Bradykinin improves postischaemic recovery in the rat heart: role of high energy phosphates, nitric oxide, and prostacyclin.

OBJECTIVE: The aim was to define: (1) whether bradykinin administration during reperfusion improves postischaemic myocardial recovery; (2) whether high energy phosphate compounds are involved in the protective effects of bradykinin; and (3) whether bradykinin-induced release of prostacyclin and nitric oxide mediate the protective effects of bradykinin. METHODS: In the Langendorff rat heart preparation, coronary flow, left ventricular developed pressure, and, using 31P magnetic resonance spectroscopy, the high energy phosphate compounds phosphocreatine and beta-ATP were assessed during 15 min of global ischaemia and 30 min of reperfusion. Administration of 10(-7) M bradykinin was started before ischaemia and maintained throughout the experiment (BK-pre). This was compared to 10(-7) M bradykinin given exclusively with reperfusion (BK-post). Then 10(-7) M bradykinin was given simultaneously with 10(-4) M N omega-nitro-L-arginine-methyl ester (BK-LNAME) or 10(-5) M indomethacin (BK-indo). RESULTS: In comparison to control hearts, BK-pre exerted a significant protective effect on the postischaemic recovery of coronary flow [71(5)% v 43(4)%, P < 0.05], left ventricular pressure [81(8)% v 42(5)%, P < 0.05], phosphocreatine [105(4)% v 67(8)%, P < 0.05], and beta-ATP [78(9)% v 48(7)%, P < 0.05]. With BK-post, recovery of coronary flow [71(4)% v 43(4)%, P < 0.05] and left ventricular pressure [78(4)% v 42(5)%, P < 0.05] significantly improved; however the recovery of phosphocreatine [70(4)% v 67(8)%, NS] and beta-ATP [58(2)% v 48(7)%, NS] was not different from control. When bradykinin and L-NAME or indomethacin was given the beneficial effects of bradykinin on ischaemic hearts were abolished.
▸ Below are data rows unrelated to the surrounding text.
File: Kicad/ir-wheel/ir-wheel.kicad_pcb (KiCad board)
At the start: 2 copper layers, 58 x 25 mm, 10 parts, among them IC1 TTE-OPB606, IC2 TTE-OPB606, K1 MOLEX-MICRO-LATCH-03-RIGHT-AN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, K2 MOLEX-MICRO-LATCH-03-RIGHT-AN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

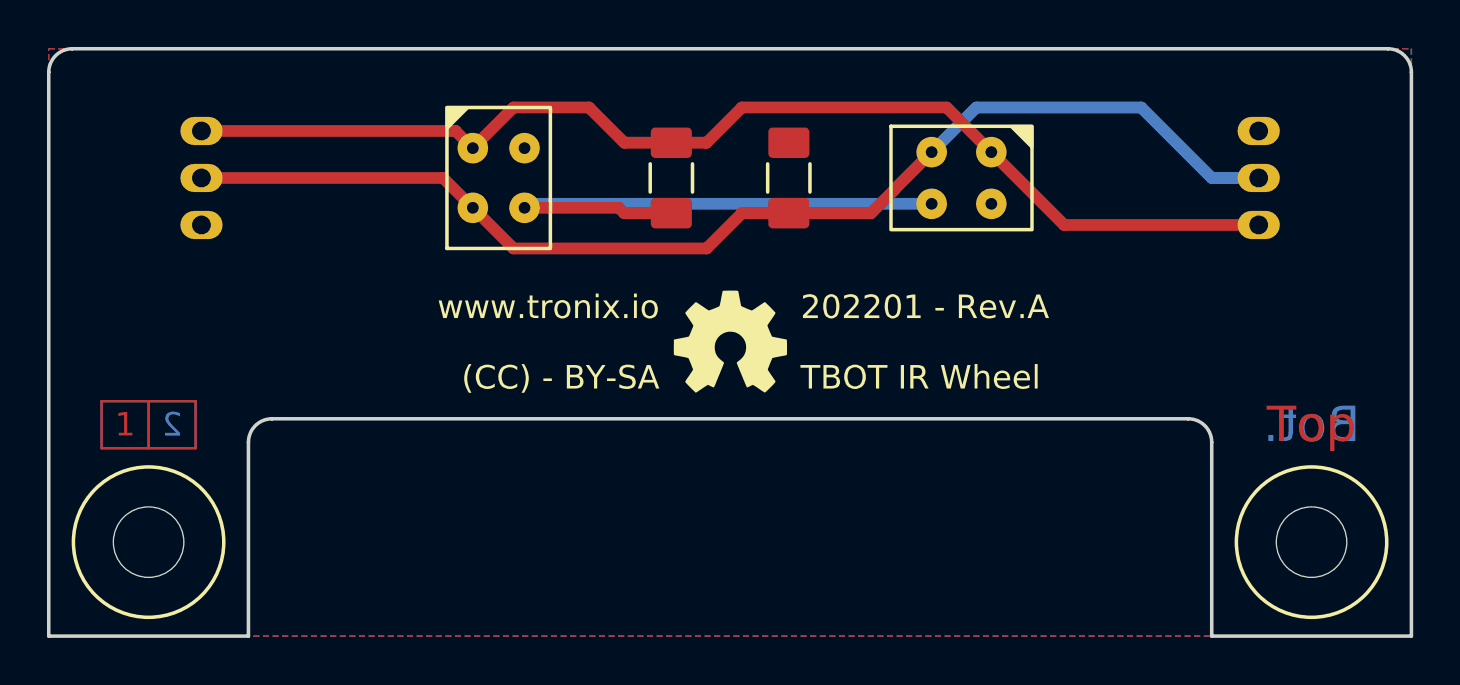
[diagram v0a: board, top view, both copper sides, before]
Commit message: Add IR Wheel
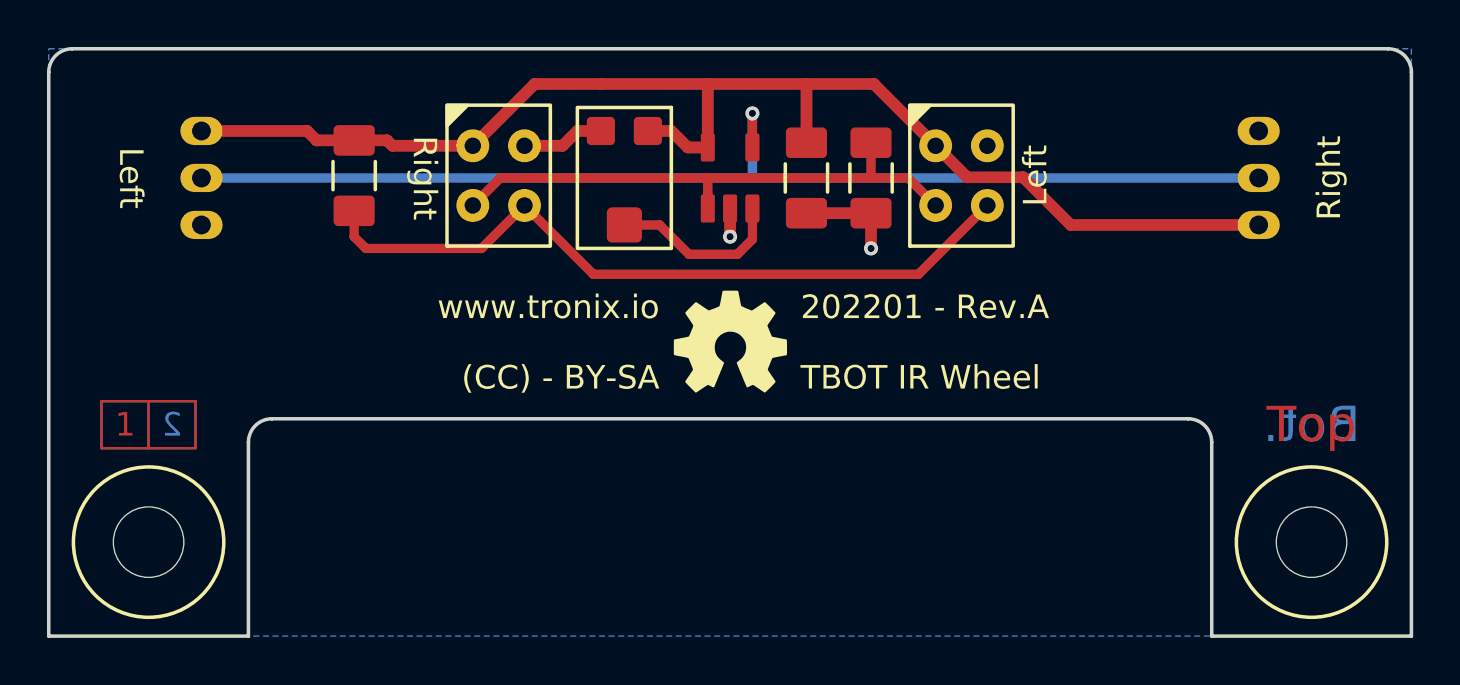
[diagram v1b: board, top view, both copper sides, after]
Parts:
- added C1: 100n, tronixio:CAPACITOR-1206, F.Cu at (132.2, 80.5)
- added P1: BOURNS-TC33X-1K, tronixio:zzzTC33X, F.Cu at (124.5, 80.5)
- added U1: MICROCHIP-MCP6541-SOT-23, tronixio:SOT-23-5, F.Cu at (129.0, 80.5)
- IC1, IC2: footprint tronixio:zzzOPB-606 -> tronixio:zzOPB-606
- moved K1 45.2 mm to (106.5, 78.5), turned to -90 degrees
- moved K2 45.2 mm to (151.5, 82.5), turned to 90 degrees
- moved R1 13.5 mm to (113.0, 80.4)
- moved R2 3.50 mm to (135.0, 80.5), turned to 90 degrees
- moved IC1 0.10 mm to (119.2, 80.4)
- moved IC2 0.10 mm to (138.8, 80.4), turned to 0 degrees
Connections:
- K1 pad 2: Net-(IC1-Pad4) -> Net-(K1-Pad2)
- K2 pad 2: Net-(IC1-Pad4) -> Net-(K1-Pad2)
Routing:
- net Net-(K1-Pad2): track 0.00 -> 49.2 mm, vias 0 -> 1
- net Net-(IC1-Pad4): track 50.0 -> 23.5 mm
- net GND: track 0.00 -> 8.96 mm, vias 0 -> 2
- net Net-(IC1-Pad1): track 23.5 -> 31.4 mm
- net +5V: track 49.3 -> 56.9 mm
- net Net-(U1-Pad3): track 0.00 -> 7.54 mm
- removed copper zone on F.Cu, net GND
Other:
- board text added: "IC2: update y+1 19.5 -> 19.6"
- board text added: "Left"
- board text added: "OPB606: update dirll 0,5 -> .7"
- board text added: "Right"

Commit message: Update IR WHEEL
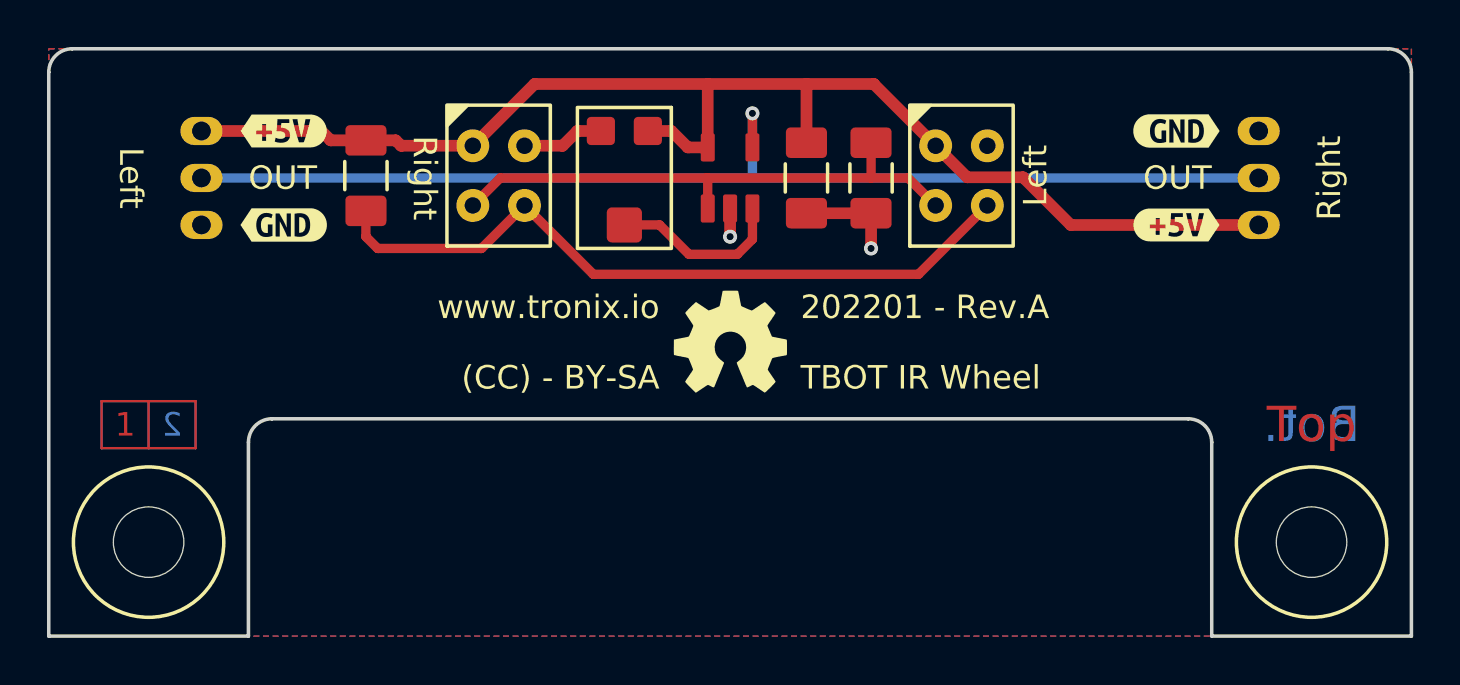
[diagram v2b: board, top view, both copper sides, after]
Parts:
- added kibuzzard-627E9F99: G***, kibuzzard-627E9F99, F.Cu at (110.0, 82.5)
- added kibuzzard-627EA1B6: G***, kibuzzard-627EA1B6, F.Cu at (110.0, 78.5)
- added kibuzzard-627EA1D4: G***, kibuzzard-627EA1D4, F.Cu at (148.0, 78.5)
- added kibuzzard-627EA1EB: G***, kibuzzard-627EA1EB, F.Cu at (148.0, 82.5)
- K1: value MOLEX-MICRO-LATCH-03-RIGHT-ANGLE -> RIGHT
- K2: value MOLEX-MICRO-LATCH-03-RIGHT-ANGLE -> LEFT
- moved R1 0.50 mm to (113.5, 80.4)
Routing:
- added copper zone on F.Cu, net GND
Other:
- board text added: "OUT"

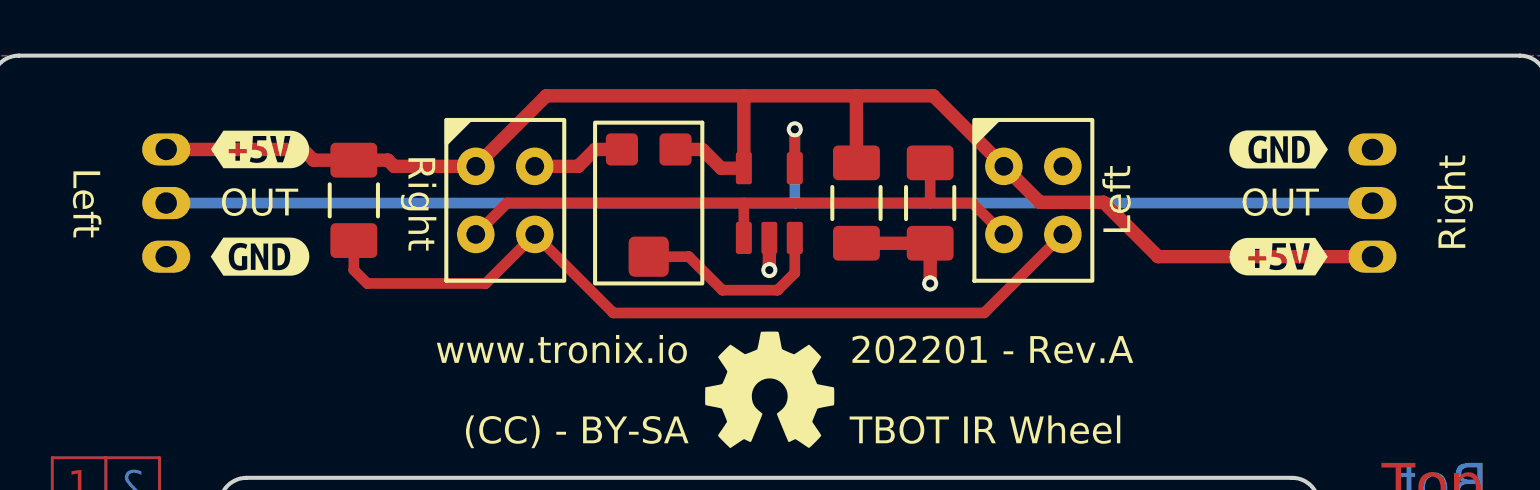
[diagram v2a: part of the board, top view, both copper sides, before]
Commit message: Update IR WHEEL
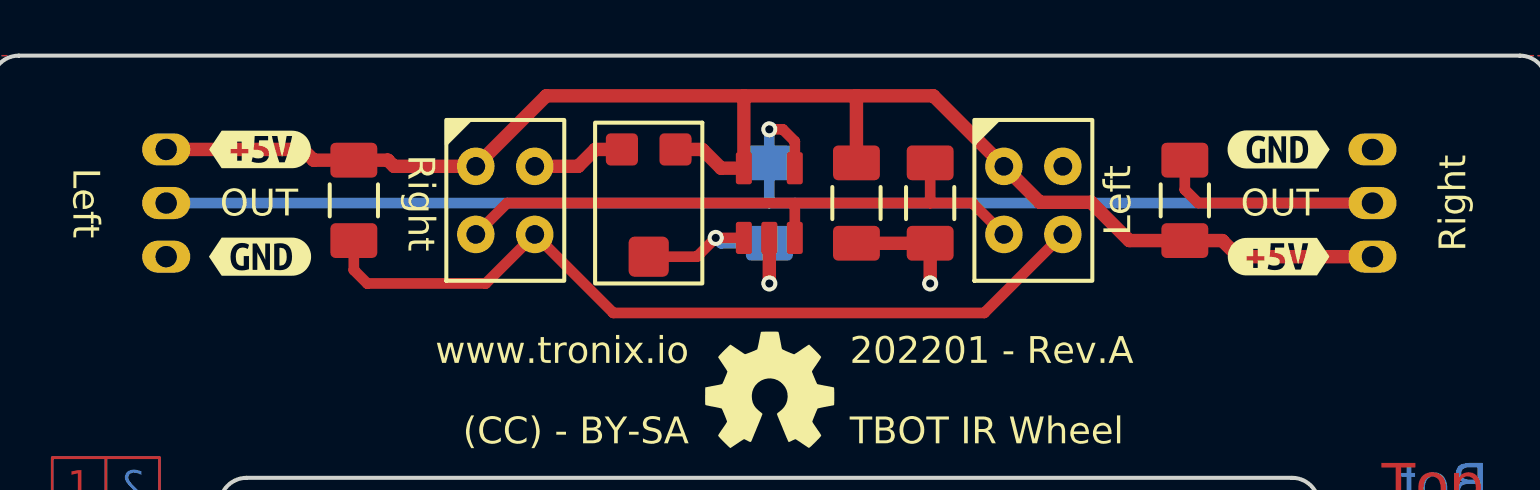
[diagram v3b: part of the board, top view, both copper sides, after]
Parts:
- removed kibuzzard-627E9F99: G***, kibuzzard-627E9F99
- removed kibuzzard-627EA1B6: G***, kibuzzard-627EA1B6
- removed kibuzzard-627EA1D4: G***, kibuzzard-627EA1D4
- removed kibuzzard-627EA1EB: G***, kibuzzard-627EA1EB
- added R3: 10K, tronixio:RESISTOR-1206, F.Cu at (144.5, 80.4)
- added R4: 10K, tronixio:RESISTOR-1206, B.Cu at (129.0, 80.5)
- added kibuzzard-62813E44: G***, kibuzzard-62813E44, F.Cu at (110.0, 82.5)
- added kibuzzard-62813E52: G***, kibuzzard-62813E52, F.Cu at (110.0, 78.5)
- added kibuzzard-62813E5A: G***, kibuzzard-62813E5A, F.Cu at (148.0, 78.5)
- added kibuzzard-62813E63: G***, kibuzzard-62813E63, F.Cu at (148.0, 82.5)
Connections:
- U1 pad 1: Net-(IC1-Pad4) -> Net-(P1-Pad2)
- U1 pad 3: Net-(P1-Pad2) -> Net-(IC1-Pad4)
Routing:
- net Net-(K1-Pad2): track 49.2 -> 58.2 mm
- net Net-(P1-Pad2): track 7.54 -> 5.92 mm, vias 0 -> 1
- net GND: track 8.96 -> 9.46 mm

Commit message: Update
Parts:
- added C2: 1µ, tronixio:CAPACITOR-1206, B.Cu at (132.2, 80.5)
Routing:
- net +5V: track 56.9 -> 58.4 mm, vias 0 -> 1
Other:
- board text removed: "OPB606: update dirll 0,5 -> .7"
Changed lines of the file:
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@@
     (attr board_only exclude_from_pos_files exclude_from_bom)
     (fp_text reference "kibuzzard-62813E52" (at 0 -3.748088) (layer "F.SilkS") hide
-      (effects (font (size 0 0)))
+      (effects (font (size 0 0) (thickness 0.15)))
     )
     (fp_text value "G***" (at 0 3.748088) (layer "F.SilkS") hide
-      (effects (font (size 0 0)))
+      (effects (font (size 0 0) (thickness 0.15)))
     )
     (fp_poly (pts
@@
     (attr board_only exclude_from_pos_files exclude_from_bom)
     (fp_text reference "kibuzzard-62813E5A" (at 0 -3.7592) (layer "F.SilkS") hide
-      (effects (font (size 0 0)))
+      (effects (font (size 0 0) (thickness 0.15)))
     )
     (fp_text value "G***" (at 0 3.7592) (layer "F.SilkS") hide
-      (effects (font (size 0 0)))
+      (effects (font (size 0 0) (thickness 0.15)))
     )
     (fp_poly (pts
@@
     (attr board_only exclude_from_pos_files exclude_from_bom)
     (fp_text reference "kibuzzard-62813E44" (at 0 -3.7592) (layer "F.SilkS") hide
-      (effects (font (size 0 0)))
+      (effects (font (size 0 0) (thickness 0.15)))
     )
     (fp_text value "G***" (at 0 3.7592) (layer "F.SilkS") hide
-      (effects (font (size 0 0)))
+      (effects (font (size 0 0) (thickness 0.15)))
     )
     (fp_poly (pts
@@
     (attr board_only exclude_from_pos_files exclude_from_bom)
     (fp_text reference "kibuzzard-62813E63" (at 0 -3.748088) (layer "F.SilkS") hide
-      (effects (font (size 0 0)))
+      (effects (font (size 0 0) (thickness 0.15)))
     )
     (fp_text value "G***" (at 0 3.748088) (layer "F.SilkS") hide
-      (effects (font (size 0 0)))
+      (effects (font (size 0 0) (thickness 0.15)))
     )
     (fp_poly (pts
@@
     )
   )
+  (footprint "tronixio:CAPACITOR-1206" (layer "B.Cu")
+    (at 132.25 80.5 -90)
+    (property "Sheetfile" "ir-wheel.kicad_sch")
+    (property "Sheetname" "")
+    (zone_connect 2)
+    (attr smd)
+    (fp_text reference "C2" (at 0 2 90) (layer "B.Fab")
+      (effects (font (size 1 1) (thickness 0.15)) (justify mirror))
+    )
+    (fp_text value "1µ" (at 0 -2 90) (layer "B.Fab")
+      (effects (font (size 1 1) (thickness 0.15)) (justify mirror))
+    )
+    (fp_line (start -0.6 0.9) (end 0.6 0.9) (layer "B.SilkS") (width 0.15))
+    (fp_line (start -0.6 -0.9) (end 0.6 -0.9) (layer "B.SilkS") (width 0.15))
+    (fp_rect (start -2.3 -1) (end 2.3 1) (layer "B.CrtYd") (width 0.05) (fill none))
+    (fp_rect (start 1.2 -0.8) (end 1.5 0.8) (layer "B.Fab") (width 0.1) (fill solid))
+    (fp_rect (start -1.2 -0.8) (end 1.2 0.8) (layer "B.Fab") (width 0.1) (fill none))
+    (fp_rect (start -1.5 -0.8) (end -1.2 0.8) (layer "B.Fab") (width 0.1) (fill solid))
+    (pad "1" smd roundrect (at -1.5 0 270) (size 1.3 1.75) (layers "B.Cu" "B.Paste" "B.Mask") (roundrect_rratio 0.15)
+      (net 2 "+5V") (pintype "passive") (zone_connect 2))
+    (pad "2" smd roundrect (at 1.5 0 270) (size 1.3 1.75) (layers "B.Cu" "B.Paste" "B.Mask") (roundrect_rratio 0.15)
+      (net 1 "GND") (pintype "passive") (zone_connect 1))
+    (model "${KICAD6_USER_3DMODEL_DIR}/SMD/CAPACITOR-1206.wrl"
+      (offset (xyz 0 0 0))
+      (scale (xyz 1 1 1))
+      (rotate (xyz 0 0 0))
+    )
+  )
   (footprint "tronixio:M3-MASK" locked (layer "B.Cu")
     (at 153.75 96 180)
@@
     (at 151.5 82.5 90)
     (property "MOUSER" "538-53254-0370")
+    (property "Mouser" "538-53254-0370")
     (property "Sheetfile" "ir-wheel.kicad_sch")
     (property "Sheetname" "")
@@
     (at 106.5 78.5 -90)
     (property "MOUSER" "538-53254-0370")
+    (property "Mouser" "538-53254-0370")
     (property "Sheetfile" "ir-wheel.kicad_sch")
     (property "Sheetname" "")
@@
     (effects (font (size 1.5 1.5) (thickness 0.2)))
   )
-  (gr_text "OPB606: update dirll 0,5 -> .7" (at 118 68.5) (layer "Dwgs.User")
-    (effects (font (size 1.5 1.5) (thickness 0.2)))
-  )
   (dimension (type aligned) (layer "Dwgs.User")
     (pts (xy 100 75.5) (xy 158 75.5))
@@
   (via (at 135 83.5) (size 0.6) (drill 0.3) (layers "F.Cu" "B.Cu") (net 1))
   (segment (start 139.090489 80.470489) (end 137.75 79.13) (width 0.5) (layer "F.Cu") (net 2))
-  (segment (start 132.25 79) (end 132.25 76.5) (width 0.5) (layer "F.Cu") (net 2))
   (segment (start 120.68 76.5) (end 135.12 76.5) (width 0.5) (layer "F.Cu") (net 2))
+  (segment (start 132.25 79) (end 132.25 77.5) (width 0.5) (layer "F.Cu") (net 2))
+  (segment (start 132.25 77.5) (end 132.25 76.5) (width 0.5) (layer "F.Cu") (net 2))
   (segment (start 142.429511 81.9) (end 144.5 81.9) (width 0.5) (layer "F.Cu") (net 2))
   (segment (start 151.5 82.5) (end 146.5 82.5) (width 0.5) (layer "F.Cu") (net 2))
@@
   (segment (start 118.05 79.13) (end 115 79.13) (width 0.5) (layer "F.Cu") (net 2))
   (segment (start 146.5 82.5) (end 145.9 81.9) (width 0.5) (layer "F.Cu") (net 2))
-  (segment (start 120.25 81.67) (end 123.17952 84.59952) (width 0.4) (layer "F.Cu") (net 3))
-  (segment (start 137.02048 84.59952) (end 139.95 81.67) (width 0.4) (layer "F.Cu") (net 3))
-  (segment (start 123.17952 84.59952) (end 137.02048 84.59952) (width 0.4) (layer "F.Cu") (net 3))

CONCLUSIONS: (1) Bradykinin improved postischaemic myocardial recovery when given before ischaemia or starting exclusively with reperfusion; (2) this was only partially related to a protective action on the high energy phosphate compounds during ischaemia; (3) the beneficial effects of bradykinin on ischaemic hearts are dependent from an unrestrained action of prostacyclin and nitric oxide.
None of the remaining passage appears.